Job ID: VA-759501 (914290318)
Hybrid/Local Agentic/AI/ML Data Engineer (15+) with Big data, ETL, ELT, Spark, GraphDB, Azure Databricks/Lakes/Blob/Computer Vision/Video Indexer/OpenAI/Media Services/AI Search , Data Partitioning/conflation, Python, LLMs, GIS spatial data experience
Location: Richmond, VA (VDOT)
Duration: 3 Months
Resources will need to be in Richmond, VA quarterly.
Skills:
Understanding the Big data Technologies Required 1 Years
Experience developing ETL and ELT pipelines Required 1 Years
Experience with Spark, GraphDB, Azure Databricks Required 1 Years
Expertise in Data Partitioning Required 1 Years
Experience with Data conflation Required 3 Years
Experience developing Python Scripts Required 3 Years
Experience training LLMs with structured and unstructured data sets Required 2 Years
Experience with GIS spatial data Required 3 Years
Job Description:
Agentic Data Engineer to design, develop, and deploy data pipelines that leverage agentic AI that solve real-world problems
The Virginia Department of Transportation’s Information Technology Division is seeking a highly skilled Agentic Data Engineer to design, develop, and deploy data pipelines that leverage agentic AI that solve real-world problems. The ideal candidate will have experience in designing data process to support agentic systems, ensure data quality and facilitate interaction between agents and data.
Responsibilities:
Designing and developing data pipelines for agentic systems, develop Robust data flows to handle complex interactions between AI agents and Data sources.

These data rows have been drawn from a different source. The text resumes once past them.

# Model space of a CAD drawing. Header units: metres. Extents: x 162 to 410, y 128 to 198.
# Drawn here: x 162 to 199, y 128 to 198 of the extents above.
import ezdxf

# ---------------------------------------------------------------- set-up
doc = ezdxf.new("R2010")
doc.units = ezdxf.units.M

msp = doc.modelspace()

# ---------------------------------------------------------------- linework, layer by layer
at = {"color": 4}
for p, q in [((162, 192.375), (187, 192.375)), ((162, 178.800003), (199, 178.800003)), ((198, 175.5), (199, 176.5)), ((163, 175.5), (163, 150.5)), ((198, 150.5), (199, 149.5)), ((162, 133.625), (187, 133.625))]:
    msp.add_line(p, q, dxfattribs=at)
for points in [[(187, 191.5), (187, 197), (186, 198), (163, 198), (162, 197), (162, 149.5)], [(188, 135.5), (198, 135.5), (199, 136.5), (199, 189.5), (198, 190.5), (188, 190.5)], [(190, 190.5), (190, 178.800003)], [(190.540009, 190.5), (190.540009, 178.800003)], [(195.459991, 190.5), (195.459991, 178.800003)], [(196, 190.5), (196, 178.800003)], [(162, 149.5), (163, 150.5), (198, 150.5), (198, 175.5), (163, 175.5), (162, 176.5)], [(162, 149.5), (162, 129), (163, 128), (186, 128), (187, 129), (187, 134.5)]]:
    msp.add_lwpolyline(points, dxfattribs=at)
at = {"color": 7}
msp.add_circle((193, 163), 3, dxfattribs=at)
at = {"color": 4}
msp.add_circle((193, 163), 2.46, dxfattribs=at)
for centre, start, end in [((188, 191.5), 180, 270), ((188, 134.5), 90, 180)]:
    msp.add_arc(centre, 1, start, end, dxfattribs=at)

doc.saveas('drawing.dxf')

Ability to train and fine tune large language models
Design and build the data architecture, including databases, data lakes to support various data engineering tasks.
Develop and manage Extract, Load, transform (ELT) processes to ensure data is accurately and efficiently moved from source systems to analytical platforms used in data science.
Implement data pipelines that facilitate feedback loops, allowing human input to improve system performance in human-in-the-loop systems.
Work with vector databases to store and retrieve embeddings efficiently.
Collaborate with data scientists and engineers to preprocess data, train models, and integrate AI into applications.
Optimize data storage and retrieval with high performance
Statistical analysis, trends, patterns to create data formats from multiple sources.
Qualifications:
Strong Data engineering fundamentals
Utilize Big data frameworks like Spark/Databricks
Training LLMs with structured and unstructured data sets.
Understanding of Graph DB
Experience with Azure Blob Storage, Azure Data Lakes, Azure Databricks
Experience implementing Azure Machine Learning, Azure Computer Vision, Azure Video Indexer, Azure OpenAI models, Azure Media Services, Azure AI Search
Determine effective data partitioning criteria
Utilize data storage system spark to implement partition schemes
Understanding core machine learning concepts and algorithms
Familiarity with Cloud computing skills
Strong programming skills in Python and experience with AI/ML frameworks.
Proficiency in vector databases and embedding models for retrieval tasks.
Expertise in integrating with AI agent frameworks.
Experience with cloud AI services (Azure AI).
Experience with GIS spatial data to create markers on maps ( lat long nearest topology of road, geo-locate between datasets, correlation etc.).
Experience with Department of Transportation Data Domains developing an AI Composite Agentic Solution designed to identify and analyze data models, connect & correlate information to validate hypotheses, forecast, predict and recommend potential strategies and conduct What-if analysis.
Bachelor’s or master’s degree in computer science, AI, Data Science, or a related field.